◆ Work task
Where a line contains the word "CityJSON", copy that line from the records below.
===== Input
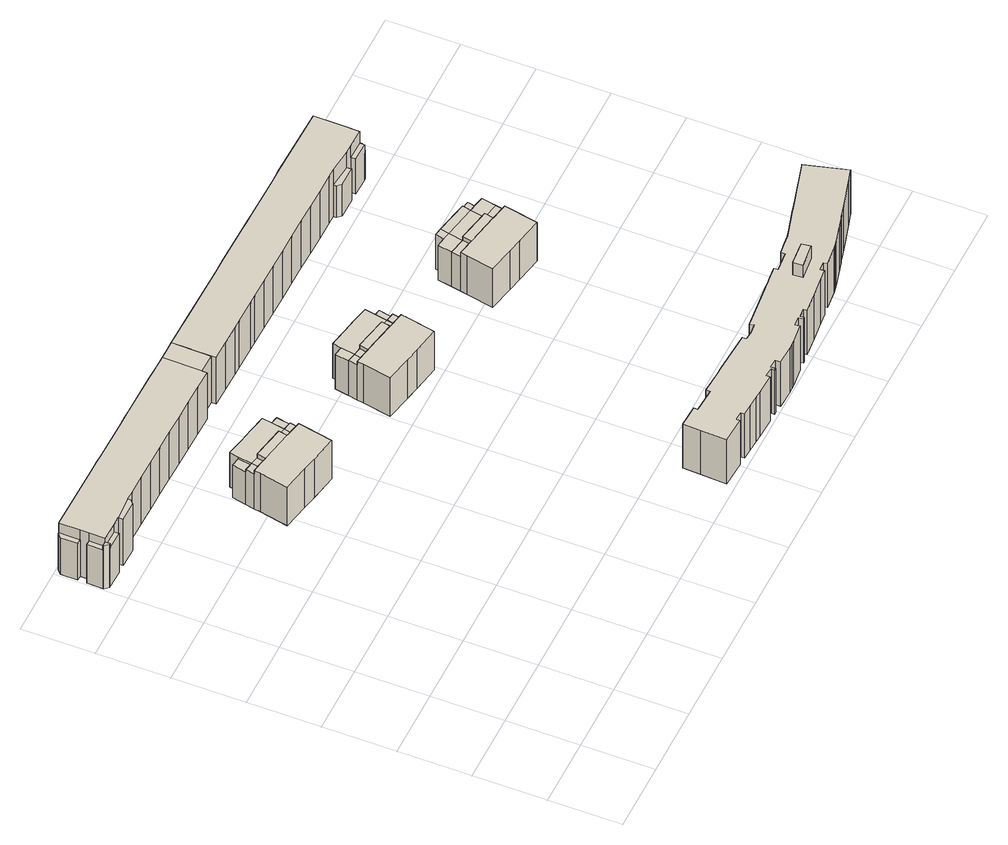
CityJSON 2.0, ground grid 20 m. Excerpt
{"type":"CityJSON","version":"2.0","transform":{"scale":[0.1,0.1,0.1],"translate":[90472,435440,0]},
"CityObjects":{
"building1":{"type":"Building","attributes":{"TerrainHeight":1.25,"bron_tex":"UltraCAM-X 10cm juni 2008","voll_tex":"complete","bron_geo":"Lidar 15-30 punten - nov. 2008","status":"1"},"geometry":[{"type":"MultiSurface","lod":"2","boundaries":[[[0,1,2,3,4,5,6,7,8,9,10,11]],[[9,8,12,13]],[[14,15,16,17,18,19]],[[20,21,22,23]],[[24,25,26,27]],[[28,29,30,31]],[[32,33,34,35,36,37]],[[23,22,38,39,40,41,42,43,44,45]],[[46,47,48,39]],[[49,46,39,38]],[[50,51,52,53,54,55,56,57,58,59,60,61,62,63,64,65,66,67,68,69,70]],[[18,17,60,59]],[[17,16,61,60]],[[16,15,62,61]],[[15,14,63,62]],[[0,11,70,69]],[[11,10,71,70]],[[10,72,25,24]],[[72,9,21,20]],[[8,73,46,49]],[[73,7,47,46]],[[7,6,14,19]],[[6,5,64,63]],[[5,4,65,64]],[[4,3,66,65]],[[3,2,67,66]],[[2,1,68,67]],[[1,0,69,68]],[[9,13,22,21]],[[13,12,38,22]],[[12,8,49,38]],[[24,27,74,71]],[[27,26,29,28]],[[26,25,20,23]],[[28,31,50,74]],[[31,30,51,50]],[[37,36,57,56]],[[36,35,58,57]],[[35,34,59,58]],[[34,33,75,18]],[[23,45,30,29]],[[45,44,52,51]],[[44,43,53,52]],[[43,42,54,53]],[[42,41,55,54]],[[41,40,56,55]],[[40,39,32,37]],[[39,48,33,32]],[[48,47,19,75]]]}]},
"building2":{"type":"Building","attributes":{"TerrainHeight":2.45,"bron_tex":"UltraCAM-X 10cm juni 2008","voll_tex":"complete","bron_geo":"Lidar 15-30 punten - nov. 2008","status":"1"},"geometry":[{"type":"MultiSurface","lod":"2","boundaries":[[[76,77,78,79]],[[80,81,82,83]],[[84,85,86,87,88]],[[89,90,91,92,93,94,95,96,97,98,99,100,101,102,103,104,105,106,107,108,109,110,111,112,113,114,115]],[[116,117,118,119]],[[120,121,122,123,124]],[[125,126,127,128,129]],[[130,131,132,133]],[[134,135,136,137,138]],[[102,139,140,141,103]],[[142,143,144,145,146,147,148,149,150,151,152,153,154,155,156,157,158,159,160,161,162,163,164,165,166,167,168,169,170,171,172,173,174,175,176]],[[177,178,179,180,181]],[[182,183,184,92,91]],[[185,186,187,188,189,190,191,192,193,194,195,196,197,198,199,200,201,202,203,204,205,206,207,208,209,210,211,212,213,214,215,216,217,218,219,220,221,222,223,224,225,226,227,228,229,230,231,232,233,234,235,236,237,238,239,240,241,242,243,244,245,246,247,248,249,250,251,252,253,254,255,256,257,258,259,260,261]],[[76,79,234,262]],[[79,78,235,234]],[[83,82,189,188]],[[82,81,263,189]],[[81,80,124,123]],[[84,88,238,237]],[[88,87,239,238]],[[87,86,264,239]],[[85,84,237,236]],[[89,115,78,77]],[[115,114,236,235]],[[114,113,86,85]],[[113,112,240,264]],[[112,111,241,240]],[[111,110,242,241]],[[110,109,243,242]],[[109,108,244,243]],[[108,107,245,244]],[[107,106,246,245]],[[106,105,247,246]],[[105,104,248,247]],[[104,103,265,248]],[[102,101,215,214]],[[101,100,216,215]],[[100,99,217,216]],[[99,98,218,217]],[[98,97,219,218]],[[97,96,220,219]],[[96,95,221,220]],[[95,94,222,221]],[[94,93,223,222]],[[93,92,224,223]],[[91,90,229,228]],[[90,89,119,118]],[[118,117,230,229]],[[117,116,231,230]],[[123,122,190,263]],[[122,121,191,190]],[[121,120,266,191]],[[125,129,198,197]],[[128,127,195,194]],[[127,126,196,195]],[[126,125,197,196]],[[130,133,193,192]],[[132,131,120,124]],[[131,130,192,266]],[[138,137,261,267]],[[137,136,185,261]],[[136,135,186,185]],[[135,134,187,186]],[[103,141,268,265]],[[141,140,269,268]],[[139,102,214,213]],[[142,176,213,212]],[[176,175,140,139]],[[175,174,249,269]],[[174,173,250,249]],[[173,172,251,250]],[[172,171,252,251]],[[171,170,253,252]],[[170,169,254,253]],[[169,168,255,254]],[[168,167,256,255]],[[167,166,257,256]],[[166,165,258,257]],[[165,164,259,258]],[[164,163,260,259]],[[163,162,267,260]],[[162,161,134,138]],[[161,160,188,187]],[[160,159,80,83]],[[159,158,133,132]],[[158,157,194,193]],[[157,156,129,128]],[[156,155,199,198]],[[155,154,200,199]],[[154,153,201,200]],[[153,152,202,201]],[[152,151,203,202]],[[151,150,204,203]],[[150,149,205,204]],[[149,148,206,205]],[[148,147,207,206]],[[147,146,208,207]],[[146,145,209,208]],[[145,144,210,209]],[[144,143,211,210]],[[143,142,212,211]],[[177,181,262,233]],[[181,180,77,76]],[[180,179,116,119]],[[179,178,232,231]],[[178,177,233,232]],[[182,91,228,227]],[[92,184,225,224]],[[184,183,226,225]],[[183,182,227,226]]]}]},
"building3":{"type":"Building","attributes":{"TerrainHeight":1.28,"bron_tex":"UltraCAM-X 10cm juni 2008","voll_tex":"complete","bron_geo":"Lidar 15-30 punten - nov. 2008","status":"1"},"geometry":[{"type":"MultiSurface","lod":"2","boundaries":[[[270,271,272,273]],[[274,275,276,277]],[[278,279,280,281,282,283]],[[284,270,273,285]],[[286,287,288,289]],[[290,291,292,293]],[[291,294,289,288,295,296,297,298,299,292]],[[300,301,302,303]],[[304,305,306,307,308,309,310,311,312,313,314,315]],[[316,317,318,319,320,321]],[[322,323,324,325,326,327,328,329,330,331,332,333,334,335,336,337,338,339,340,341,342]],[[300,303,272,271]],[[303,302,289,294]],[[302,301,286,289]],[[301,300,313,312]],[[304,315,342,341]],[[315,314,343,342]],[[314,344,270,284]],[[344,313,271,270]],[[312,345,287,286]],[[345,311,275,274]],[[311,310,316,321]],[[310,309,336,335]],[[309,308,337,336]],[[308,307,338,337]],[[307,306,339,338]],[[306,305,340,339]],[[305,304,341,340]],[[320,319,332,331]],[[319,318,333,332]],[[318,317,334,333]],[[317,316,335,334]],[[273,272,294,291]],[[274,277,288,287]],[[277,276,279,278]],[[276,275,321,346]],[[283,282,329,328]],[[282,281,330,329]],[[281,280,331,330]],[[280,279,346,320]],[[284,285,347,343]],[[285,273,291,290]],[[290,293,322,347]],[[293,292,323,322]],[[292,299,324,323]],[[299,298,325,324]],[[298,297,326,325]],[[297,296,327,326]],[[296,295,328,327]],[[295,288,278,283]]]}]},
"building4":{"type":"Building","attributes":{"TerrainHeight":3.38,"bron_tex":"UltraCAM-X 10cm juni 2008","voll_tex":"complete","bron_geo":"Lidar 15-30 punten - nov. 2008","status":"1"},"geometry":[{"type":"MultiSurface","lod":"2","boundaries":[[[348,349,350,351]],[[352,353,354,355,356,357,358,359,360,361,362,363,364,361,360,365,366,367,368,369,370,371,372,373,374,375,376,377,378,379,380,381,382,383,384,385,386,387,388,389,390,391,392,393,394,395,396,397,398,399,400,401,402,403,404,405,406,407,408,409,410,411,412,413,414,415,416,417,418,419,420,421,422,423,424,425,426,427,428,429,430]],[[431,432,433,434,435,436,437,438,439,440,441,442,443,444,445,446,447,448,449,450,451,452,453,454,455,456,457,458,459,460,461,462,463,464,465,466,467,468,469,470,471,472,473,474,475,476,477,478,479,480,481,482,483,484,485,486,487,488,489,490,491,492,493,494,495,496,497,498,499,500,501,502]],[[348,351,361,364]],[[351,350,362,361]],[[350,349,363,362]],[[349,348,364,363]],[[388,387,475,474]],[[387,386,476,475]],[[386,385,477,476]],[[385,384,478,477]],[[384,383,479,478]],[[383,382,480,479]],[[382,381,481,480]],[[381,380,482,481]],[[380,379,503,482]],[[379,378,483,503]],[[378,377,484,483]],[[377,376,485,484]],[[376,375,486,485]],[[375,374,487,486]],[[374,373,488,487]],[[373,372,489,488]],[[372,371,504,489]],[[371,370,490,504]],[[370,369,491,490]],[[369,368,492,491]],[[368,367,493,492]],[[367,366,494,493]],[[366,365,495,494]],[[365,360,496,495]],[[360,359,497,496]],[[359,358,498,497]],[[358,357,499,498]],[[357,356,500,499]],[[356,355,501,500]],[[355,354,502,501]],[[354,353,431,502]],[[353,352,505,506]],[[352,430,433,432]],[[430,429,434,433]],[[429,428,435,434]],[[428,427,436,435]],[[427,426,437,436]],[[426,425,438,437]],[[425,424,439,438]],[[424,423,440,439]],[[423,422,441,440]],[[422,421,442,441]],[[421,420,443,442]],[[420,419,444,443]],[[419,418,445,444]],[[418,417,446,445]],[[417,416,447,446]],[[416,415,448,447]],[[415,414,449,448]],[[414,413,450,449]],[[413,412,451,450]],[[412,411,452,451]],[[411,410,453,452]],[[410,409,454,453]],[[409,408,455,454]],[[408,407,456,455]],[[407,406,457,456]],[[406,405,458,457]],[[405,404,459,458]],[[404,403,460,459]],[[403,402,461,460]],[[402,401,462,461]],[[401,400,463,462]],[[400,399,464,463]],[[399,398,465,464]],[[398,397,466,465]],[[397,396,467,466]],[[396,395,468,467]],[[395,394,507,468]],[[394,393,469,507]],[[393,392,470,469]],[[392,391,471,470]],[[391,390,472,471]],[[390,389,473,472]],[[389,388,474,473]]]}]},
"building5":{"type":"Building","attributes":{"TerrainHeight":1.28,"bron_tex":"UltraCAM-X 10cm juni 2008","voll_tex":"complete","bron_geo":"Lidar 15-30 punten - nov. 2008","status":"1"},"geometry":[{"type":"MultiSurface","lod":"2","boundaries":[[[508,509,510,511]],[[512,513,514,515]],[[516,517,518,519]],[[520,521,516,519,522]],[[523,524,525,517]],[[517,525,526,527,528,529,518]],[[519,518,530,531,532,533]],[[522,519,533,534]],[[535,536,537,538,539,540]],[[541,542,543,544,545,546,547,548,549,550,551,552]],[[553,554,555,556]],[[557,558,559,560,561,562,563,564,565,566,567,568,569,570,571,572,573,574,575,576,577]],[[539,538,567,566]],[[538,537,568,567]],[[537,536,569,568]],[[536,535,570,569]],[[541,552,577,576]],[[552,551,578,577]],[[551,550,514,513]],[[549,548,524,523]],[[548,547,535,540]],[[547,546,571,570]],[[546,545,572,571]],[[545,544,573,572]],[[544,543,574,573]],[[543,542,575,574]],[[542,541,576,575]],[[553,556,515,514]],[[556,555,517,516]],[[555,554,523,517]],[[554,553,550,549]],[[511,510,562,579]],[[510,509,563,562]],[[513,512,580,578]],[[512,515,516,521]],[[521,520,557,580]],[[520,522,558,557]],[[525,524,540,581]],[[518,529,509,508]],[[529,528,564,563]],[[528,527,565,564]],[[527,526,566,565]],[[526,525,581,539]],[[533,532,560,582]],[[532,531,561,560]],[[531,530,579,561]],[[530,518,508,511]],[[522,534,559,558]],[[534,533,582,559]]]}]}
},
"vertices":[
[376,944,138],[449,930,138],[489,922,138],[561,908,138],[576,984,138],[578,993,138],[578,995,138],[580,1004,138],[533,1014,138],[442,1031,138],[395,1040,138],[392,1022,138],[538,1038,138],[447,1056,138],[578,995,40],[589,993,40],[610,1017,40],[596,1030,40],[585,1032,40],[580,1004,40],[420,1036,124],[442,1031,124],[447,1056,124],[425,1060,124],[395,1040,125],[420,1036,125],[425,1060,125],[400,1065,125],[400,1065,117],[425,1060,117],[432,1099,117],[408,1104,117],[561,1034,119],[585,1029,119],[585,1032,119],[586,1034,119],[592,1068,119],[568,1073,119],[538,1038,124],[561,1034,124],[568,1073,124],[572,1097,124],[524,1107,124],[485,1114,124],[437,1124,124],[432,1099,124],[556,1009,124],[580,1004,124],[585,1029,124],[533,1014,124],[408,1104,0],[432,1099,0],[437,1124,0],[485,1114,0],[524,1107,0],[572,1097,0],[568,1073,0],[592,1068,0],[586,1034,0],[585,1032,0],[596,1030,0],[610,1017,0],[589,993,0],[578,995,0],[578,993,0],[576,984,0],[561,908,0],[489,922,0],[449,930,0],[376,944,0],[392,1022,0],[395,1040,0],[420,1036,138],[556,1009,138],[400,1065,0],[585,1029,40],
[5,1271,138],[19,1271,138],[20,1314,138],[6,1314,138],[1498,1247,110],[1512,1247,110],[1513,1290,110],[1499,1290,110],[6,1338,131],[20,1338,131],[21,1395,131],[18,1395,131],[7,1384,131],[19,1271,166],[71,1270,166],[95,1270,166],[161,1273,166],[185,1272,166],[239,1272,166],[293,1271,166],[347,1270,166],[402,1269,166],[458,1268,166],[512,1267,166],[566,1266,166],[620,1265,166],[620,1278,166],[622,1385,166],[590,1386,166],[568,1386,166],[545,1387,166],[428,1389,166],[405,1389,166],[381,1389,166],[264,1391,166],[241,1392,166],[219,1392,166],[21,1395,166],[20,1338,166],[20,1314,166],[19,1257,139],[71,1256,139],[71,1270,139],[19,1271,139],[1498,1233,101],[1501,1233,101],[1512,1244,101],[1512,1247,101],[1498,1247,101],[1356,1247,113],[1367,1235,113],[1422,1235,113],[1422,1248,113],[1356,1254,113],[1446,1234,125],[1498,1233,125],[1498,1247,125],[1446,1248,125],[1499,1314,129],[1513,1314,129],[1514,1360,129],[1503,1371,129],[1500,1371,129],[674,1278,166],[676,1385,166],[652,1385,166],[674,1265,167],[729,1264,167],[784,1263,167],[808,1262,167],[874,1261,167],[898,1261,167],[952,1260,167],[1006,1259,167],[1060,1258,167],[1115,1258,167],[1170,1257,167],[1224,1256,167],[1278,1255,167],[1332,1254,167],[1356,1254,167],[1422,1248,167],[1446,1248,167],[1498,1247,167],[1499,1290,167],[1499,1314,167],[1500,1371,167],[1302,1375,167],[1280,1375,167],[1258,1375,167],[1140,1377,167],[1117,1377,167],[1094,1378,167],[976,1380,167],[954,1380,167],[932,1380,167],[754,1383,167],[731,1384,167],[707,1384,167],[676,1385,167],[674,1278,167],[5,1268,154],[16,1257,154],[19,1257,154],[19,1271,154],[5,1271,154],[95,1256,166],[150,1255,166],[161,1266,166],[1514,1360,0],[1513,1314,0],[1499,1314,0],[1499,1290,0],[1513,1290,0],[1512,1244,0],[1501,1233,0],[1446,1234,0],[1446,1248,0],[1422,1248,0],[1422,1235,0],[1367,1235,0],[1356,1247,0],[1356,1254,0],[1332,1254,0],[1278,1255,0],[1224,1256,0],[1170,1257,0],[1115,1258,0],[1060,1258,0],[1006,1259,0],[952,1260,0],[898,1261,0],[874,1261,0],[808,1262,0],[784,1263,0],[729,1264,0],[674,1265,0],[674,1278,0],[620,1278,0],[620,1265,0],[566,1266,0],[512,1267,0],[458,1268,0],[402,1269,0],[347,1270,0],[293,1271,0],[239,1272,0],[185,1272,0],[161,1273,0],[161,1266,0],[150,1255,0],[95,1256,0],[95,1270,0],[71,1270,0],[71,1256,0],[19,1257,0],[16,1257,0],[5,1268,0],[6,1314,0],[20,1314,0],[20,1338,0],[6,1338,0],[7,1384,0],[18,1395,0],[219,1392,0],[241,1392,0],[264,1391,0],[381,1389,0],[405,1389,0],[428,1389,0],[545,1387,0],[568,1386,0],[590,1386,0],[707,1384,0],[731,1384,0],[754,1383,0],[932,1380,0],[954,1380,0],[976,1380,0],[1094,1378,0],[1117,1377,0],[1140,1377,0],[1258,1375,0],[1280,1375,0],[1302,1375,0],[1503,1371,0],[5,1271,0],[1512,1247,0],[21,1395,0],[622,1385,0],[1498,1233,0],[1500,1371,0],[652,1385,0],[676,1385,0],
[850,952,125],[872,948,125],[877,973,125],[855,977,125],[985,926,125],[1010,921,125],[1014,946,125],[990,950,125],[990,950,113],[1014,946,113],[1015,949,113],[1015,951,113],[1022,985,113],[997,990,113],[825,957,125],[830,982,125],[963,930,124],[985,926,124],[990,950,124],[968,955,124],[830,982,124],[855,977,124],[862,1016,124],[837,1020,124],[877,973,124],[997,990,124],[1002,1014,124],[954,1024,124],[915,1031,124],[867,1040,124],[872,948,139],[963,930,139],[968,955,139],[877,973,139],[807,861,138],[879,847,138],[919,839,138],[991,825,138],[1006,900,138],[1008,910,138],[1008,912,138],[1010,921,138],[963,930,138],[872,948,138],[825,957,138],[822,938,138],[1008,912,45],[1019,910,45],[1040,934,45],[1026,947,45],[1015,949,45],[1010,921,45],[837,1020,0],[862,1016,0],[867,1040,0],[915,1031,0],[954,1024,0],[1002,1014,0],[997,990,0],[1022,985,0],[1015,951,0],[1015,949,0],[1026,947,0],[1040,934,0],[1019,910,0],[1008,912,0],[1008,910,0],[1006,900,0],[991,825,0],[919,839,0],[879,847,0],[807,861,0],[822,938,0],[825,957,0],[850,952,138],[985,926,138],[1014,946,45],[830,982,0],
[1497,97,202],[1499,70,202],[1565,77,202],[1562,103,202],[1871,107,158],[1839,223,158],[1835,222,158],[1723,191,158],[1694,183,158],[1689,182,158],[1629,165,158],[1607,159,158],[1584,157,158],[1562,103,158],[1565,77,158],[1499,70,158],[1497,97,158],[1552,153,158],[1553,141,158],[1499,136,158],[1498,147,158],[1466,144,158],[1444,141,158],[1439,141,158],[1423,139,158],[1305,127,158],[1307,115,158],[1282,112,158],[1258,114,158],[1259,125,158],[1141,132,158],[1128,132,158],[1118,133,158],[1097,134,158],[1064,136,158],[1063,124,158],[997,128,158],[998,139,158],[939,142,158],[937,94,158],[933,23,158],[1005,19,158],[1005,29,158],[1029,28,158],[1029,17,158],[1059,16,158],[1091,14,158],[1111,13,158],[1167,10,158],[1167,21,158],[1191,19,158],[1191,9,158],[1197,9,158],[1197,22,158],[1221,21,158],[1221,7,158],[1274,4,158],[1285,5,158],[1296,5,158],[1350,11,158],[1348,25,158],[1372,27,158],[1374,13,158],[1380,14,158],[1379,25,158],[1402,27,158],[1404,17,158],[1457,22,158],[1511,28,158],[1541,31,158],[1540,42,158],[1563,45,158],[1565,34,158],[1618,40,158],[1629,42,158],[1640,44,158],[1692,58,158],[1715,64,158],[1721,66,158],[1726,67,158],[1755,75,158],[1837,98,158],[1866,106,158],[1839,223,0],[1871,107,0],[1866,106,0],[1837,98,0],[1755,75,0],[1726,67,0],[1721,66,0],[1715,64,0],[1692,58,0],[1640,44,0],[1629,42,0],[1618,40,0],[1565,34,0],[1563,45,0],[1540,42,0],[1541,31,0],[1511,28,0],[1457,22,0],[1404,17,0],[1402,27,0],[1379,25,0],[1380,14,0],[1374,13,0],[1372,27,0],[1348,25,0],[1350,11,0],[1296,5,0],[1285,5,0],[1274,4,0],[1221,7,0],[1221,21,0],[1197,22,0],[1197,9,0],[1191,9,0],[1191,19,0],[1167,21,0],[1167,10,0],[1111,13,0],[1059,16,0],[1029,17,0],[1029,28,0],[1005,29,0],[1005,19,0],[933,23,0],[937,94,0],[939,142,0],[998,139,0],[997,128,0],[1063,124,0],[1064,136,0],[1097,134,0],[1118,133,0],[1141,132,0],[1259,125,0],[1258,114,0],[1282,112,0],[1307,115,0],[1305,127,0],[1423,139,0],[1444,141,0],[1466,144,0],[1498,147,0],[1499,136,0],[1553,141,0],[1552,153,0],[1584,157,0],[1607,159,0],[1629,165,0],[1689,182,0],[1694,183,0],[1723,191,0],[1835,222,0],[1128,132,0],[1439,141,0],[1871,107,157],[1839,223,157],[1091,14,0],
[1405,911,117],[1427,907,117],[1432,931,117],[1410,935,117],[1260,897,125],[1255,872,125],[1301,863,125],[1306,888,125],[1306,888,124],[1397,870,124],[1405,911,124],[1314,928,124],[1267,937,124],[1260,897,124],[1292,933,124],[1392,845,124],[1439,836,124],[1444,861,124],[1445,866,124],[1445,867,124],[1452,902,124],[1427,907,124],[1410,935,124],[1384,940,124],[1345,948,124],[1319,953,124],[1297,957,124],[1438,828,64],[1449,826,64],[1470,851,64],[1456,864,64],[1445,866,64],[1439,836,64],[1237,778,138],[1309,764,138],[1349,756,138],[1421,742,138],[1436,818,138],[1438,827,138],[1438,828,138],[1439,836,138],[1392,845,138],[1301,863,138],[1255,872,138],[1251,853,138],[1301,863,139],[1392,845,139],[1397,870,139],[1306,888,139],[1267,937,0],[1292,933,0],[1297,957,0],[1345,948,0],[1384,940,0],[1432,931,0],[1427,907,0],[1452,902,0],[1445,867,0],[1445,866,0],[1456,864,0],[1470,851,0],[1449,826,0],[1438,828,0],[1438,827,0],[1436,818,0],[1421,742,0],[1349,756,0],[1309,764,0],[1237,778,0],[1251,853,0],[1255,872,0],[1410,935,0],[1260,897,0],[1444,861,64],[1319,953,0]
]}
==========
◆ Reply
CityJSON 2.0, ground grid 20 m. Excerpt
{"type":"CityJSON","version":"2.0","transform":{"scale":[0.1,0.1,0.1],"translate":[90472,435440,0]},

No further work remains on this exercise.